The two sides went into extra time level at a goal apiece, but goals from Mario Kempes and Daniel Bertoni would ensure Argentina won its first World Cup and The Netherlands—runners-up in the previous tournament—were bridesmaids once again.

 

Bayern Munich: 2011-2012 Season

Laurence Griffiths/Getty Images

For a time in early 2012 it looked as though Bayern Munich were destined to win everything there was for them to win.

Neck and neck with Borussia Dortmund in the Bundesliga, they had also progressed into the final stages of the DfB Pokal and, following a penalty shootout win against Real Madrid at the Bernabeu, had booked a place in the Champions League final for a second time in three seasons.

Then it all fell apart.

Schweinsteiger misses his penalty in the 2012 Champions League final.

The Bundesliga was the first to get away from them. A spring slip-up saw Dortmund beat them to the title by eight points, and were also pipped to the Pokal by their national rivals—Dortmund's Robert Lewandowski netting a hat-trick in the Berlin final.

But it was their failure in the Champions League that really stung.

Playing host to the match against Chelsea, they seemed to have won it when Thomas Muller scored the game`s first goal with just seven minutes remaining—only for Didier Drogba to pop up and equalize in the 88th minute.

Following two cagey periods of extra time they were defeated by the London side on penalties—Ivica Olic and Bastien Schweinsteiger failing to convert their last two spot-kicks.

 

Valencia: 2000 and 2001 Champions League finals

Alex Livesey/Getty Images

A bit of trivia: which is the only team to have lost back-to-back European Cup finals?

In the spring of 1999 Valencia snuck into the qualifying rounds of the Champions League after finishing fourth in La Liga—just a point above Celta Vigo and two above Deportivo La Coruna.

Pellegrino misses his penalty against Bayern Munich.

But after progressing to the Group Stage they wound up atop a bracket that also included Bayern Munich and proceeded to beat Lazio and Barcelona in the knockout rounds before facing Real Madrid in the Paris final.

Comprehensively outplayed in the French capital, they lost 3-0 to goals from Fernando Morientes, Steve McManaman and Raul, but despite the heartbreak they managed to get right back to Europe’s most prestigious match the following May.

This time they faced Bayern Munich, and their defeat was even more heartbreaking.

Having taken the lead thanks to Gaizka Mendieta’s early penalty, they conceded the equalizer five minutes after the restart.
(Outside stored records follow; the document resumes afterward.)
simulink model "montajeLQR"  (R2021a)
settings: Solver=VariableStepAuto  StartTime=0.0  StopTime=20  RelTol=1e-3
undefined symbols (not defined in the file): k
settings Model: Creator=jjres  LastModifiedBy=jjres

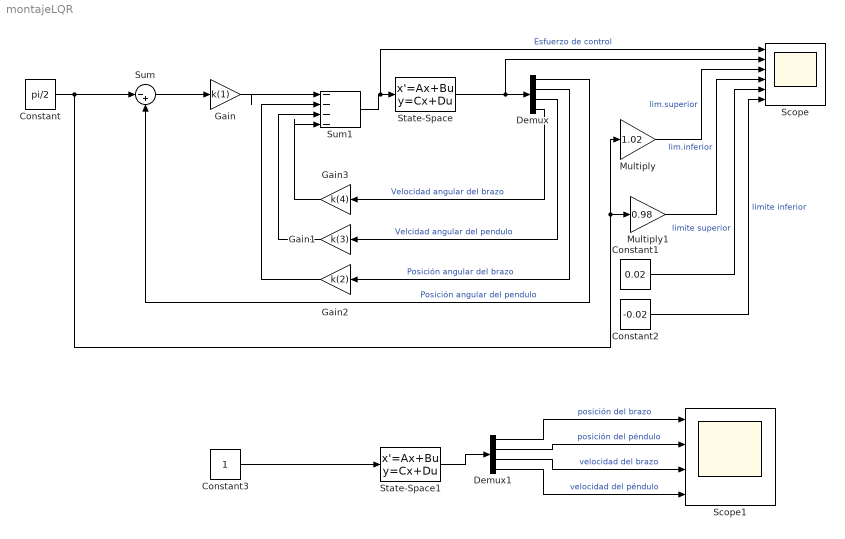
== system montajeLQR ==
  Constant : Constant  Value=pi/2
  Constant1 : Constant  Value=0.02
  Constant2 : Constant  Value=-0.02
  Constant3 : Constant
  Demux : Demux
  Demux1 : Demux
  Gain : Gain  Gain=k(1)
  Gain1 : Gain  Gain=k(3)
  Gain2 : Gain  Gain=k(2)
  Gain3 : Gain  Gain=k(4)
  Multiply : Gain  Gain=1.02
  Multiply1 : Gain  Gain=0.98
  Scope : Scope  NumInputPorts=6
  Scope1 : Scope  NumInputPorts=4
  State-Space : StateSpace  A=[0 0 1 0 ; 0 0 0 1; 0 -28.1714 -3.21283 0.928499; 0 86.1096 -3.17547 -2.83808]  B=[0; 0 ; 9.39423 ; 9.28499]  C=[1 0 0 0; 0 1 0 0; 0 0 1 0; 0 0 0 1]  D=[0;0;0;0]  InitialCondition=0
  State-Space1 : StateSpace  A=[0 0 1 0 ; 0 0 0 1; 0 -28.1714 -3.21283 0.928499; 0 86.1096 -3.17547 -2.83808]  B=[0; 0 ; 9.39423 ; 9.28499]  C=[1 0 0 0; 0 1 0 0; 0 0 1 0; 0 0 0 1]  D=[0;0;0;0]  InitialCondition=0
  Sum : Sum  Inputs=|-+
  Sum1 : Sum  Inputs=|----
  wires:
  Gain/1 -> Sum1/1
  Sum/1 -> Gain/1
  Constant/1 -> Multiply1/1, Multiply/1, Sum/1
  Sum1/1 -> Scope/1, State-Space/1  "Esfuerzo de control"
  State-Space/1 -> Scope/2, Demux/1
  Demux/2 -> Gain2/1  "Posición angular del brazo"
  Demux/1 -> Sum/2  "Posición angular del pendulo"
  Demux/3 -> Gain1/1  "Velcidad angular del pendulo"
  Demux/4 -> Gain3/1  "Velocidad angular del brazo"
  Multiply/1 -> Scope/3  "lim.superior"
  Multiply1/1 -> Scope/4  "lim.inferior"
  Constant1/1 -> Scope/5  "limite superior"
  Constant2/1 -> Scope/6  "limite inferior"
  Gain3/1 -> Sum1/4
  Gain1/1 -> Sum1/3
  Gain2/1 -> Sum1/2
  Constant3/1 -> State-Space1/1
  State-Space1/1 -> Demux1/1
  Demux1/1 -> Scope1/1  "posición del brazo"
  Demux1/2 -> Scope1/2  "posición del péndulo"
  Demux1/3 -> Scope1/3  "velocidad del brazo"
  Demux1/4 -> Scope1/4  "velocidad del péndulo"

In a contest that didn’t showcase a single goal from open play, they would go on to lose in the seventh round of a penalty shootout—Zlatko Zahovic, Amedeo Carboni and Mauricio Pellegrino all missing from the spot.

 

Brazil: 1982 World Cup

Socrates, against Argentina in 1982.

Despite winning a record five World Cups, three of which included Pele in some capacity (he was injured for much of the 1962 competition, where the talismantic mantle fell to Garrincha), Brazil’s most-loved, most romanticized side won precisely nothing.

Not a World Cup; not a Copa America. Nothing. Nada.

But could they ever play.

Zico scores a free kick against Scotland in 1982.

At the 1982 finals in Spain, Tele Santana’s Selecao thrilled football fans the world over with its uncontainable, exuberant brand of football. Zico, Falcao and Socrates were the biggest stars in the team, although the likes of Eder and Junior put in memorable performances as well.

But after breezing through a group that included the Soviet Union, Scotland and New Zealand and defeating Argentina in their first match of the second stage of the tournament, Brazil were stunned by Italy—losing 3-2 to a Paolo Rossi hat-trick in Barcelona.

Italy went on to lift the trophy, but it was Brazil that people remembered, and continue to remember.